* **Task to carry out**:
Lines outside the range are not wanted. Give again exactly the lines between the line holding "[picture b1s1: schematic TrainSpeedo.sch]" and the line holding "SW5: DOWN; SW_PUSH_6mm", inclusive, from the listing below.

* **Source material**:

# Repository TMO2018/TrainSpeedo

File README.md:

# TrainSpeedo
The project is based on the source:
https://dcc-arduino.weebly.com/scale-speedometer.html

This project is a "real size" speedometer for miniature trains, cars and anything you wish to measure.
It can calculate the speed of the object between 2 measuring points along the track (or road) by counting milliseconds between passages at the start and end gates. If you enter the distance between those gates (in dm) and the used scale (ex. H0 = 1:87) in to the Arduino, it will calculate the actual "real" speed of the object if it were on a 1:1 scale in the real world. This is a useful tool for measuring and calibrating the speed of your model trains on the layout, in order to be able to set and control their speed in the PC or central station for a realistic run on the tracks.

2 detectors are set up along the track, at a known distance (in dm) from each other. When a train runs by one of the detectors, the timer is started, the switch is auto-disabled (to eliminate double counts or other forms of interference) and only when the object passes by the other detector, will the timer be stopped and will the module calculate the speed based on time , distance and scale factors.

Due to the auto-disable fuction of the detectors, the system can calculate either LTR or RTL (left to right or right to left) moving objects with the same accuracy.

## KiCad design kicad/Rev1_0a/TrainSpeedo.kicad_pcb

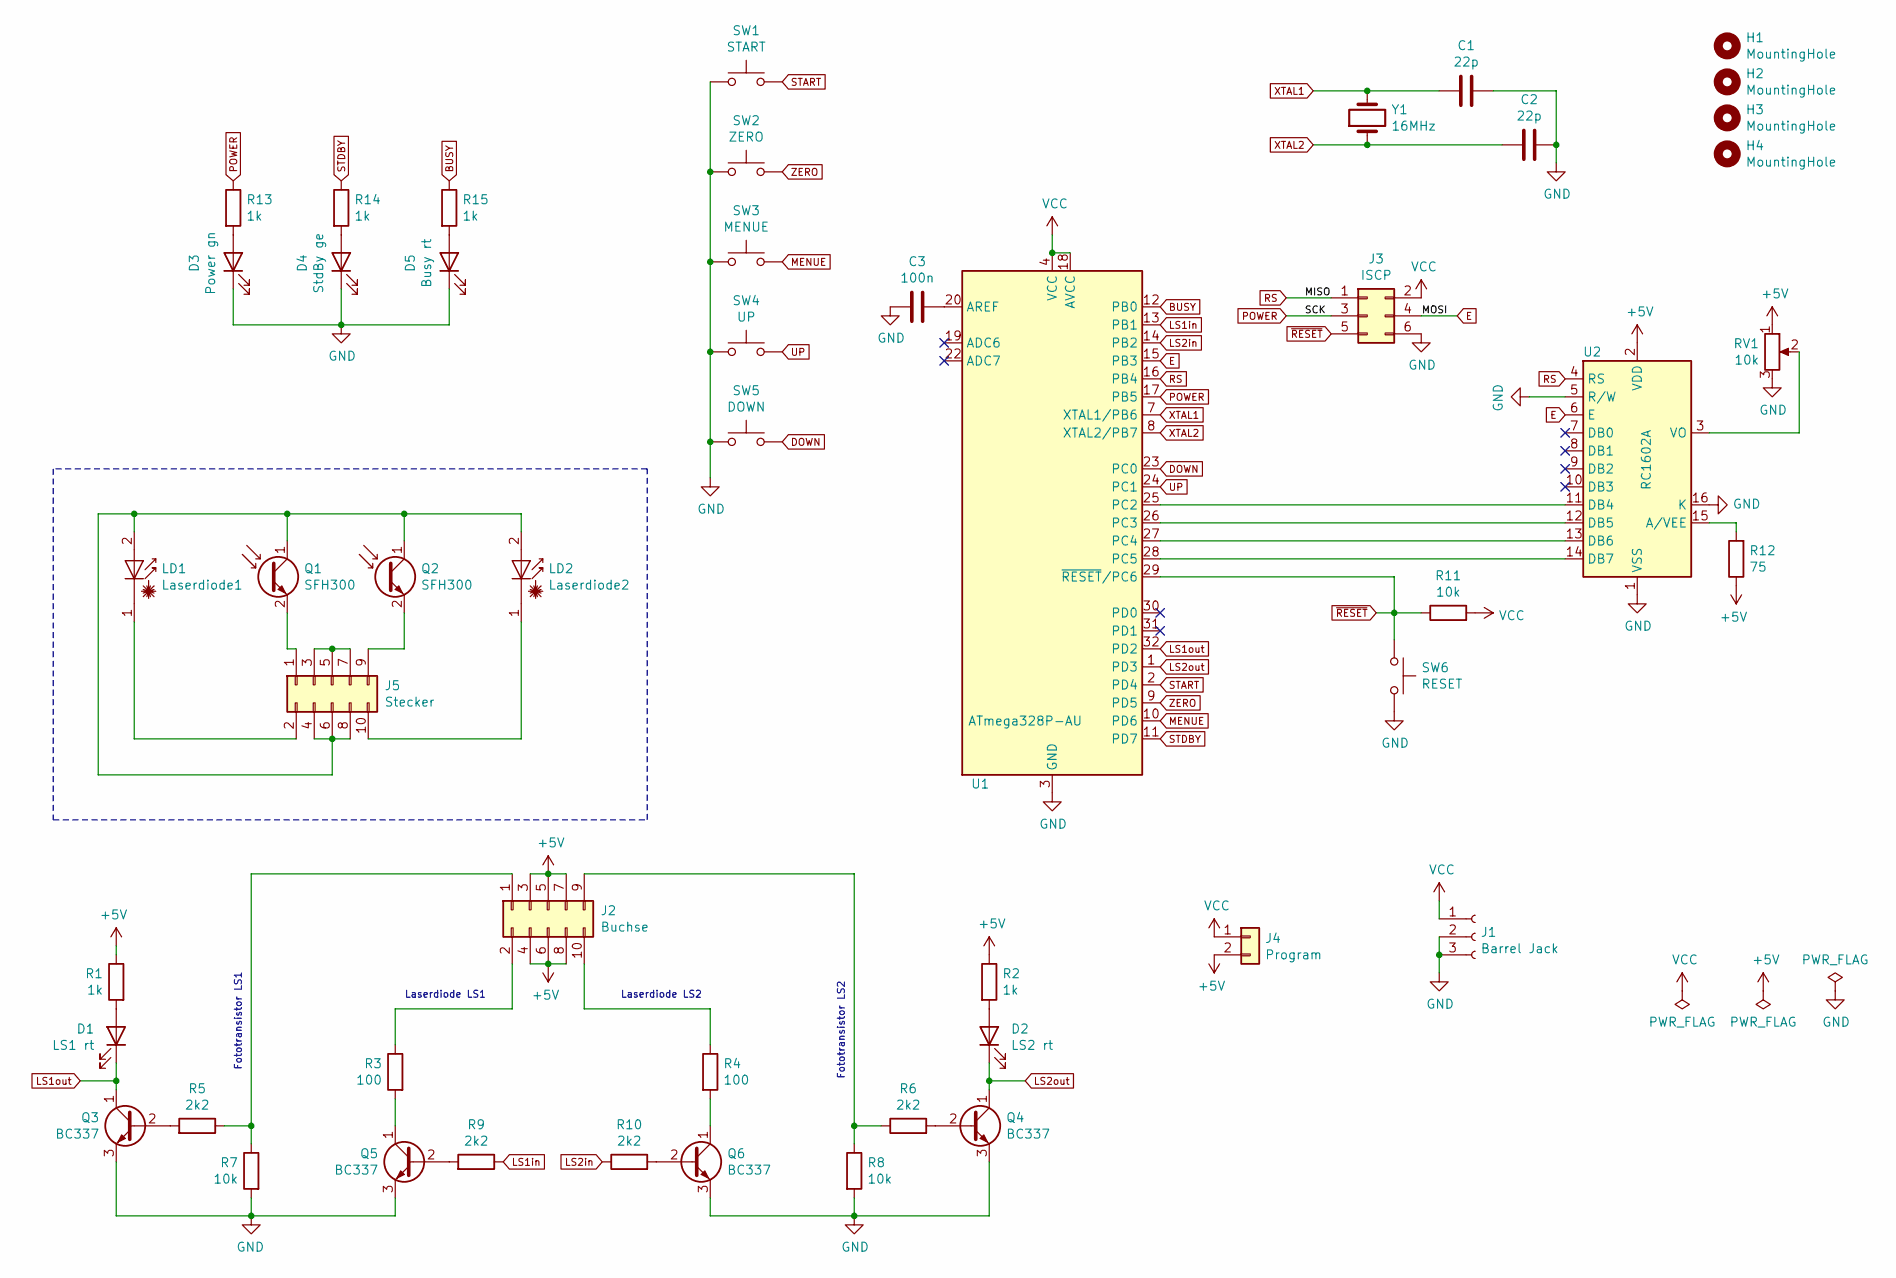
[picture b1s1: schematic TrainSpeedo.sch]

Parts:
C1, C2: 22p; C_0805_HandSoldering
C3: 100n; C_0805_HandSoldering
D1: LS1 rt; LED_D3.0mm
D2: LS2 rt; LED_D3.0mm
D3: Power gn; LED_D5.0mm
D4: StdBy ge; LED_D5.0mm
D5: Busy rt; LED_D5.0mm
H1, H2, H3, H4: MountingHole; MountingHole_3.2mm_M3
J1: Barrel Jack; BARREL_JACK
J2: Buchse; Pin_Header_Straight_2x05_Pitch2.54mm
J3: ISCP; Pin_Header_Straight_2x03_Pitch2.54mm
J4: Program; Pin_Header_Straight_1x02_Pitch2.54mm
J5: Stecker
LD1: Laserdiode1
LD2: Laserdiode2
Q1, Q2: SFH300
Q3, Q4, Q5, Q6: BC337; TO-92_Inline_Wide
R1, R2, R13, R14, R15: 1k; R_0805_HandSoldering
R3, R4: 100; R_0805_HandSoldering
R5, R6, R9, R10: 2k2; R_0805_HandSoldering
R7, R8, R11: 10k; R_0805_HandSoldering
R12: 75; R_0805_HandSoldering
RV1: 10k; Potentiometer_Triwood_RM-065
SW1: START; SW_PUSH_6mm
SW2: ZERO; SW_PUSH_6mm
SW3: MENUE; SW_PUSH_6mm
SW4: UP; SW_PUSH_6mm
SW5: DOWN; SW_PUSH_6mm
SW6: RESET; SW_PUSH_6mm
U1: ATmega328P-AU; TQFP-32_7x7mm_Pitch0.8mm
U2: RC1602A; WC1602A
Y1: 16MHz; Crystal_HC49-U_Vertical

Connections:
+5V: J2.3, J2.4, J2.5, J2.6, J2.7, J2.8, J4.2, R1.1, R2.1, R12.1, RV1.1, U2.2 (VDD)
BUSY: R15.1, U1.12 (PB0)
DOWN: SW5.2, U1.23 (PC0)
E: J3.4, U1.15 (PB3), U2.6 (E)
GND: C1.1, C2.1, C3.2, D3.1 (K), D4.1 (K), D5.1 (K), J1.2, J1.3, J3.6, Q3.3 (E), Q4.3 (E), Q5.3 (E), Q6.3 (E), R7.2, R8.2, RV1.3, SW1.1, SW2.1, SW3.1, SW4.1, SW5.1, SW6.2, U1.3 (GND), U1.5 (GND), U1.21 (GND), U2.1 (VSS), U2.5 (R/W), U2.16 (K)
LS1in: R9.1, U1.13 (PB1)
LS1out: D1.1 (K), Q3.1 (C), U1.32 (PD2)
LS2in: R10.1, U1.14 (PB2)
LS2out: D2.1 (K), Q4.1 (C), U1.1 (PD3)
MENUE: SW3.2, U1.10 (PD6)
unnamed: C3.1, U1.20 (AREF)
unnamed: D1.2 (A), R1.2
unnamed: D2.2 (A), R2.2
unnamed: D3.2 (A), R13.2
unnamed: D4.2 (A), R14.2
unnamed: D5.2 (A), R15.2
unnamed: J2.1, R5.1, R7.1
unnamed: J2.2, R3.1
unnamed: J2.9, R6.1, R8.1
unnamed: J2.10, R4.1
unnamed: J5.1, Q1.2 (E)
unnamed: J5.2, LD1.1 (K)
unnamed: J5.3, J5.5, J5.7
unnamed: J5.4, J5.6, J5.8, LD1.2 (A), LD2.2 (A), Q1.1 (C), Q2.1 (C)
unnamed: J5.9, Q2.2 (E)
unnamed: J5.10, LD2.1 (K)
unnamed: Q3.2 (B), R5.2
unnamed: Q4.2 (B), R6.2
unnamed: Q5.1 (C), R3.2
unnamed: Q5.2 (B), R9.2
unnamed: Q6.1 (C), R4.2
unnamed: Q6.2 (B), R10.2
unnamed: R12.2, U2.15 (A/VEE)
unnamed: RV1.2, U2.3 (VO)
unnamed: U1.25 (PC2), U2.11 (DB4)
unnamed: U1.26 (PC3), U2.12 (DB5)
unnamed: U1.27 (PC4), U2.13 (DB6)
unnamed: U1.28 (PC5), U2.14 (DB7)
POWER: J3.3, R13.1, U1.17 (PB5)
RS: J3.1, U1.16 (PB4), U2.4 (RS)
START: SW1.2, U1.2 (PD4)
STDBY: R14.1, U1.11 (PD7)
UP: SW4.2, U1.24 (PC1)
VCC: J1.1, J3.2, J4.1, R11.2, U1.4 (VCC), U1.6 (VCC), U1.18 (AVCC)
XTAL1: C1.2, U1.7 (XTAL1/PB6), Y1.2
XTAL2: C2.2, U1.8 (XTAL2/PB7), Y1.1
ZERO: SW2.2, U1.9 (PD5)
~RESET: J3.5, R11.1, SW6.1, U1.29 (~RESET~/PC6)

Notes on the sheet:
Fototransistor LS1
Fototransistor LS2
Laserdiode LS1
Laserdiode LS2

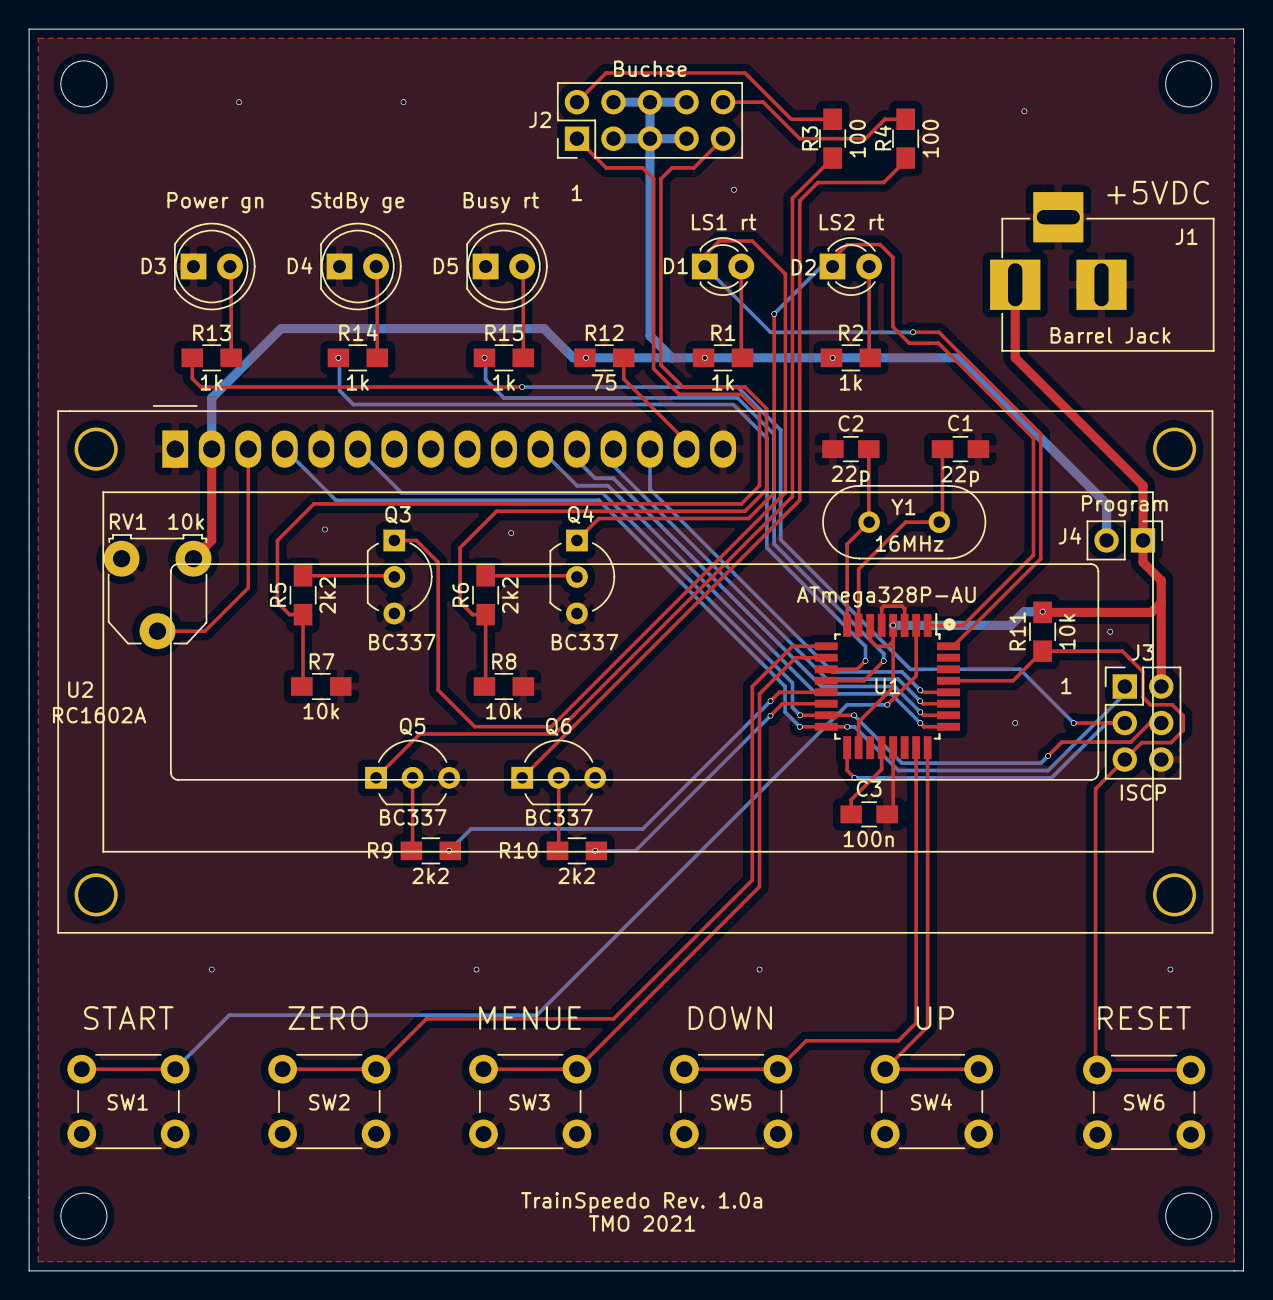
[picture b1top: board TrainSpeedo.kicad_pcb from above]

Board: 2 copper layers, 84.5 x 86.4 mm, 45 parts (0 on the bottom side), 42 nets.

* **Reply to the task**:
[picture b1s1: schematic TrainSpeedo.sch]

Parts:
C1, C2: 22p; C_0805_HandSoldering
C3: 100n; C_0805_HandSoldering
D1: LS1 rt; LED_D3.0mm
D2: LS2 rt; LED_D3.0mm
D3: Power gn; LED_D5.0mm
D4: StdBy ge; LED_D5.0mm
D5: Busy rt; LED_D5.0mm
H1, H2, H3, H4: MountingHole; MountingHole_3.2mm_M3
J1: Barrel Jack; BARREL_JACK
J2: Buchse; Pin_Header_Straight_2x05_Pitch2.54mm
J3: ISCP; Pin_Header_Straight_2x03_Pitch2.54mm
J4: Program; Pin_Header_Straight_1x02_Pitch2.54mm
J5: Stecker
LD1: Laserdiode1
LD2: Laserdiode2
Q1, Q2: SFH300
Q3, Q4, Q5, Q6: BC337; TO-92_Inline_Wide
R1, R2, R13, R14, R15: 1k; R_0805_HandSoldering
R3, R4: 100; R_0805_HandSoldering
R5, R6, R9, R10: 2k2; R_0805_HandSoldering
R7, R8, R11: 10k; R_0805_HandSoldering
R12: 75; R_0805_HandSoldering
RV1: 10k; Potentiometer_Triwood_RM-065
SW1: START; SW_PUSH_6mm
SW2: ZERO; SW_PUSH_6mm
SW3: MENUE; SW_PUSH_6mm
SW4: UP; SW_PUSH_6mm
SW5: DOWN; SW_PUSH_6mm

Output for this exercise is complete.